* _TASK INPUTS_:
───

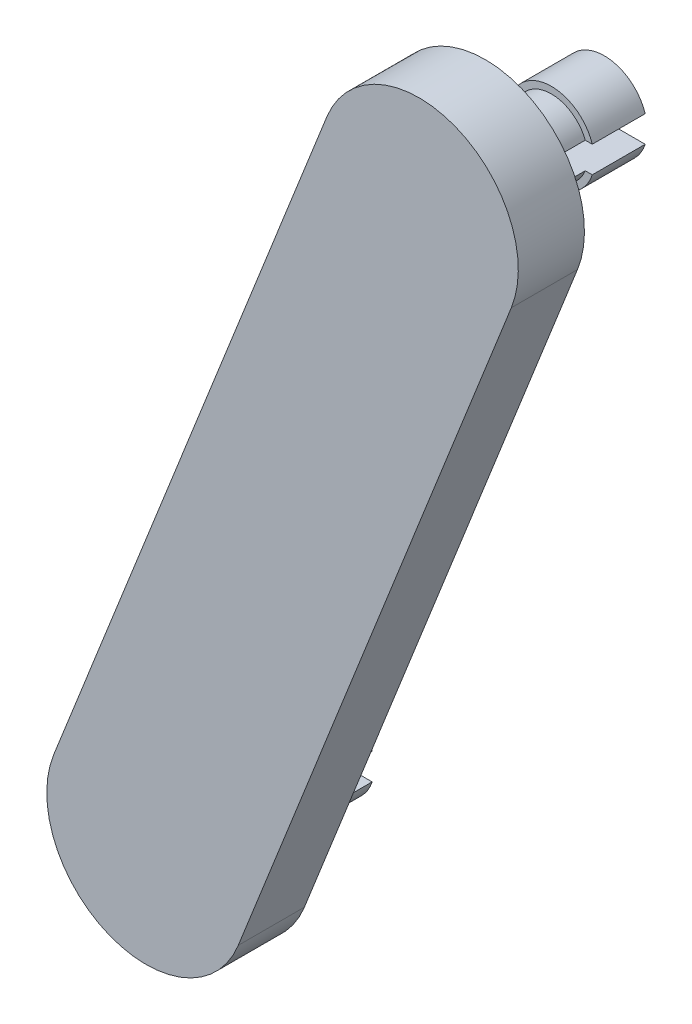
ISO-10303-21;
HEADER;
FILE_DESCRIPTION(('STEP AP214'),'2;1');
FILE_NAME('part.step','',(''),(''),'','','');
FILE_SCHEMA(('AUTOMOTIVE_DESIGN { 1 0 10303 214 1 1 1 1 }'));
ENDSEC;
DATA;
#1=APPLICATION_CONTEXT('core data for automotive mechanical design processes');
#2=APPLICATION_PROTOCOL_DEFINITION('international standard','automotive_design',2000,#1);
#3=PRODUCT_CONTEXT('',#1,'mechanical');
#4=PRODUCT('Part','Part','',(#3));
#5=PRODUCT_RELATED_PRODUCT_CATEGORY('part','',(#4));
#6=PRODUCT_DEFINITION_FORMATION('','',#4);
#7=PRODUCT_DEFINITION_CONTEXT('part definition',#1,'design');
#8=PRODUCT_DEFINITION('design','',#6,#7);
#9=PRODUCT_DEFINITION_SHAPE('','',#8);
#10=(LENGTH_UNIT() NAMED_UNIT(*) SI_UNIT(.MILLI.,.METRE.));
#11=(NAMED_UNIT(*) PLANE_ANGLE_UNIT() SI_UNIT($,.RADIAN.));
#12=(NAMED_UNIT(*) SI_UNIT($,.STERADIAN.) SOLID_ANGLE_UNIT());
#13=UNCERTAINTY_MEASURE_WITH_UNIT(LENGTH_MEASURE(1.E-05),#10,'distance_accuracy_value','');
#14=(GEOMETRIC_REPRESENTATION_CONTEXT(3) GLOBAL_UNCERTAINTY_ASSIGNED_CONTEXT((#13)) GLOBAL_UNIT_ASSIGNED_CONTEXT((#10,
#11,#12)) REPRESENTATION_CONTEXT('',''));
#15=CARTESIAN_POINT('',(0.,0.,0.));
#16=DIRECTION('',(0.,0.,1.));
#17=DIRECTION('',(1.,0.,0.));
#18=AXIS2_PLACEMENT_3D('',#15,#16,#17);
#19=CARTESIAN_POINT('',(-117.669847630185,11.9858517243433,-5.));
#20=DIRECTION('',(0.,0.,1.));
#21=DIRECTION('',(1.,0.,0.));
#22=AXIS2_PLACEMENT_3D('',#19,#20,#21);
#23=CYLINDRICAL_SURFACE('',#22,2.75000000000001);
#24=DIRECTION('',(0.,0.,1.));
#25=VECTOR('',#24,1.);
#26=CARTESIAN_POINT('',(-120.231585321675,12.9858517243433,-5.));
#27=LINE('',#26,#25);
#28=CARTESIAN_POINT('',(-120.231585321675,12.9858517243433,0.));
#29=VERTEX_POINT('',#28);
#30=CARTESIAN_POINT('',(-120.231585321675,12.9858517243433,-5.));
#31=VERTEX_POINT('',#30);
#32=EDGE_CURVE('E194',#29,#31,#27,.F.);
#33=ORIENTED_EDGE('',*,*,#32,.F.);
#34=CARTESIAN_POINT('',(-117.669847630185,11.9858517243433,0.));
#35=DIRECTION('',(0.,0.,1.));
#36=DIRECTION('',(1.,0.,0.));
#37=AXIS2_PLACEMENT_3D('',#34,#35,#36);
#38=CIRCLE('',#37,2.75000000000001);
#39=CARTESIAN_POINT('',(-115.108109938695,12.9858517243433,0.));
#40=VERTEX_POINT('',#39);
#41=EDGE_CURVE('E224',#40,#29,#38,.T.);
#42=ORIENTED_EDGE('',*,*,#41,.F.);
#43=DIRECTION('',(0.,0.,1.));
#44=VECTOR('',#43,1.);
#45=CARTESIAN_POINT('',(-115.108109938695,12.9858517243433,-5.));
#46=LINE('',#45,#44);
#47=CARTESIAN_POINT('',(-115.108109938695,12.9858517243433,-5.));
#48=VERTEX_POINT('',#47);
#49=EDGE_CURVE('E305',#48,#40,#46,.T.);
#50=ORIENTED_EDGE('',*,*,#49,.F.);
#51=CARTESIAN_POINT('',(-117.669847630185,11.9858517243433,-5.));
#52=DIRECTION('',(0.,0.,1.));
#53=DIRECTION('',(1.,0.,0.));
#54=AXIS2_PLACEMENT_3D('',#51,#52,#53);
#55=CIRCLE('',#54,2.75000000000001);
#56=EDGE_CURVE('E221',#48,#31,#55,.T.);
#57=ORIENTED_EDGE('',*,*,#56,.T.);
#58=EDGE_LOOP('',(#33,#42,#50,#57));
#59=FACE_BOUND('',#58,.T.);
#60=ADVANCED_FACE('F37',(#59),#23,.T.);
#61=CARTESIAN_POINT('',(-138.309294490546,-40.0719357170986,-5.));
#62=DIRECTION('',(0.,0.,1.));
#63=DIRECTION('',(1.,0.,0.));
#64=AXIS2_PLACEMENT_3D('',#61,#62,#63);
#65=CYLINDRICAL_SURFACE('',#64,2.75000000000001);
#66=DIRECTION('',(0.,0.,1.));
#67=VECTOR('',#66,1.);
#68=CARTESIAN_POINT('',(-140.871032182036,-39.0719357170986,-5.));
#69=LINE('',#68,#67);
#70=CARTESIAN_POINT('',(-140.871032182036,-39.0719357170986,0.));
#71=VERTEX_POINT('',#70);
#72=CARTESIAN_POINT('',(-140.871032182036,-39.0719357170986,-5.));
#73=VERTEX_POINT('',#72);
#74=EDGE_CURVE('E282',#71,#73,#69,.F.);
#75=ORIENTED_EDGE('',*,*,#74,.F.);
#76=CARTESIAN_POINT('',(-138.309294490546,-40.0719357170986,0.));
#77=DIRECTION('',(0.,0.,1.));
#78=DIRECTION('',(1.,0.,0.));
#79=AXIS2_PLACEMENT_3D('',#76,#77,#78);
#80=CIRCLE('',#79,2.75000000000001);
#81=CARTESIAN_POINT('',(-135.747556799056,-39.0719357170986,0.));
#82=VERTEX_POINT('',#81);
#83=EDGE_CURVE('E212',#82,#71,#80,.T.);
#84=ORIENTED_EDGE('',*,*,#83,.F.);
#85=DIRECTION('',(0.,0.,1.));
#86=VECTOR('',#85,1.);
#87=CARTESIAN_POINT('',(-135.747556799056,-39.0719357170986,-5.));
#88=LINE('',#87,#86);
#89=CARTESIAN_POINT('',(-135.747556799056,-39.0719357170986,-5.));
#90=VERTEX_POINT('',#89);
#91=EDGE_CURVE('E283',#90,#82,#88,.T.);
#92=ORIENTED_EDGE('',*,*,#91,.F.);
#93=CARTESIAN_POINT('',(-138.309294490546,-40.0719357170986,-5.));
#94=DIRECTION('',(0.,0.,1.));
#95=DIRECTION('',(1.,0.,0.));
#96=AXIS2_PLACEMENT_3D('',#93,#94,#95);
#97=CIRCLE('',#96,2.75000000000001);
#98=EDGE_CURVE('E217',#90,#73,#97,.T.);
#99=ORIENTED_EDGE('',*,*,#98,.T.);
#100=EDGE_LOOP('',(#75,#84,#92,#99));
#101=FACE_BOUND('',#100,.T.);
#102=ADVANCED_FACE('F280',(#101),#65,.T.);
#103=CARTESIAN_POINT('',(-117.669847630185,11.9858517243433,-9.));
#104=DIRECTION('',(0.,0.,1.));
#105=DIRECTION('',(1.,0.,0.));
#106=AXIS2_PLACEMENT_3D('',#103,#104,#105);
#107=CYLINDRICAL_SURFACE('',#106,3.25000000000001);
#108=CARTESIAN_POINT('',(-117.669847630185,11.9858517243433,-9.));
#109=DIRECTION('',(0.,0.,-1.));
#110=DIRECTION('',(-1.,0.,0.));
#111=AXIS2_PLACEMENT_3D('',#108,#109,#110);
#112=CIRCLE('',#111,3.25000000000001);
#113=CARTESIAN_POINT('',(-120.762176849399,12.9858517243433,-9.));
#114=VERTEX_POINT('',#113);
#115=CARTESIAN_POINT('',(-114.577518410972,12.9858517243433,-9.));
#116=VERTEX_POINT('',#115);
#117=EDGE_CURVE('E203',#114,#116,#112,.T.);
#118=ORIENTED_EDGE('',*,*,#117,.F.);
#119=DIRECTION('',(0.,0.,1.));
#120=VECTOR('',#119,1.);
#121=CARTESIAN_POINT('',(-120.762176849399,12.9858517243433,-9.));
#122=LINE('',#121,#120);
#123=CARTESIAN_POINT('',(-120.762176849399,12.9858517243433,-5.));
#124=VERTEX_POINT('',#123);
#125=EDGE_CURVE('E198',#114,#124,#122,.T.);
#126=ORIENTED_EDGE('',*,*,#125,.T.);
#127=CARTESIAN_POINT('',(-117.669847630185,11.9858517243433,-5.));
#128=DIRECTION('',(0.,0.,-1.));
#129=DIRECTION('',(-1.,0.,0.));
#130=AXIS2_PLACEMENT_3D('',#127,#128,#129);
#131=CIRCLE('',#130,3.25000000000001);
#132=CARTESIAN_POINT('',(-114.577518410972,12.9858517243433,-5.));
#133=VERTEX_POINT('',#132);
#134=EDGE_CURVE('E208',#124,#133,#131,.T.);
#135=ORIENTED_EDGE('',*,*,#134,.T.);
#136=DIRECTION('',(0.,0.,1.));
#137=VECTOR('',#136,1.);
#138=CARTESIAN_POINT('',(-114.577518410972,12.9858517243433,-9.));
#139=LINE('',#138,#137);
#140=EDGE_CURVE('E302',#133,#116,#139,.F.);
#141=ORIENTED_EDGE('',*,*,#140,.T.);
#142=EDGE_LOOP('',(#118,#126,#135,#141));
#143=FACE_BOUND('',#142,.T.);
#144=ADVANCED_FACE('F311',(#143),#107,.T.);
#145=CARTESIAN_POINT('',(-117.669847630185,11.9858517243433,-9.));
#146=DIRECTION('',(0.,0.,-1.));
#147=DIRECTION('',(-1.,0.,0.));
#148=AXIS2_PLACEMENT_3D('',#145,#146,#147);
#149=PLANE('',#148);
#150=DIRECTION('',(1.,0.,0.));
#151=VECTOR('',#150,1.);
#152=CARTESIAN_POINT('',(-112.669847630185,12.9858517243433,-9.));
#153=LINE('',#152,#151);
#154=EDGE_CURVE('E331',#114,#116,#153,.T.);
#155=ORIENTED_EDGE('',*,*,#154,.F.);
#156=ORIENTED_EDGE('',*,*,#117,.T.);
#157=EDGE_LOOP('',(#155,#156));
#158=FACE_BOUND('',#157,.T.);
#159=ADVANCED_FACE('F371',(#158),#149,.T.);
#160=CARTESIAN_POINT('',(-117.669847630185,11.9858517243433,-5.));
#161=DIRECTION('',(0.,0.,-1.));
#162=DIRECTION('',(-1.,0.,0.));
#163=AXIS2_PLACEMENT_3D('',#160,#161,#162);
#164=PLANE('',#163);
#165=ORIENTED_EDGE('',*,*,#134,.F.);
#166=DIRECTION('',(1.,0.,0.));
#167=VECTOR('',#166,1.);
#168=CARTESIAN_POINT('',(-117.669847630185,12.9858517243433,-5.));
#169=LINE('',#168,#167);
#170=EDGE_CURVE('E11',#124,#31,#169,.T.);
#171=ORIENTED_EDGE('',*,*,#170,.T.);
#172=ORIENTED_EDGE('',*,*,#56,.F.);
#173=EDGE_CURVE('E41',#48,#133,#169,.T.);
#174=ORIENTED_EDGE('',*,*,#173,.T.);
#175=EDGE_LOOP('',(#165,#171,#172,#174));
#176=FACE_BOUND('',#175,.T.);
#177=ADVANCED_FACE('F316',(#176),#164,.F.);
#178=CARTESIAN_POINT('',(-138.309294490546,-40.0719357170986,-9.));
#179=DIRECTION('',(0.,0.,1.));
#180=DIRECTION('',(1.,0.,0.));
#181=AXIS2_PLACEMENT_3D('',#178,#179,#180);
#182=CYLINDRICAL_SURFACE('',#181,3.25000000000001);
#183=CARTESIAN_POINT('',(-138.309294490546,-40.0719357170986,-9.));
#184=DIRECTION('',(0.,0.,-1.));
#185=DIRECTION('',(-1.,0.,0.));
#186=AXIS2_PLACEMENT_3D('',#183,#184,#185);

───

* _REQUIREMENT_:
Could you reproduce, exactly, every line above from the line with "#22=AXIS2_PLACEMENT_3D('',#19,#20,#21);" to the line with "#35=DIRECTION('',(0.,0.,1.));", and no other line? Both ends count.

* _ANSWER TO THIS PROBLEM_:
#22=AXIS2_PLACEMENT_3D('',#19,#20,#21);
#23=CYLINDRICAL_SURFACE('',#22,2.75000000000001);
#24=DIRECTION('',(0.,0.,1.));
#25=VECTOR('',#24,1.);
#26=CARTESIAN_POINT('',(-120.231585321675,12.9858517243433,-5.));
#27=LINE('',#26,#25);
#28=CARTESIAN_POINT('',(-120.231585321675,12.9858517243433,0.));
#29=VERTEX_POINT('',#28);
#30=CARTESIAN_POINT('',(-120.231585321675,12.9858517243433,-5.));
#31=VERTEX_POINT('',#30);
#32=EDGE_CURVE('E194',#29,#31,#27,.F.);
#33=ORIENTED_EDGE('',*,*,#32,.F.);
#34=CARTESIAN_POINT('',(-117.669847630185,11.9858517243433,0.));
#35=DIRECTION('',(0.,0.,1.));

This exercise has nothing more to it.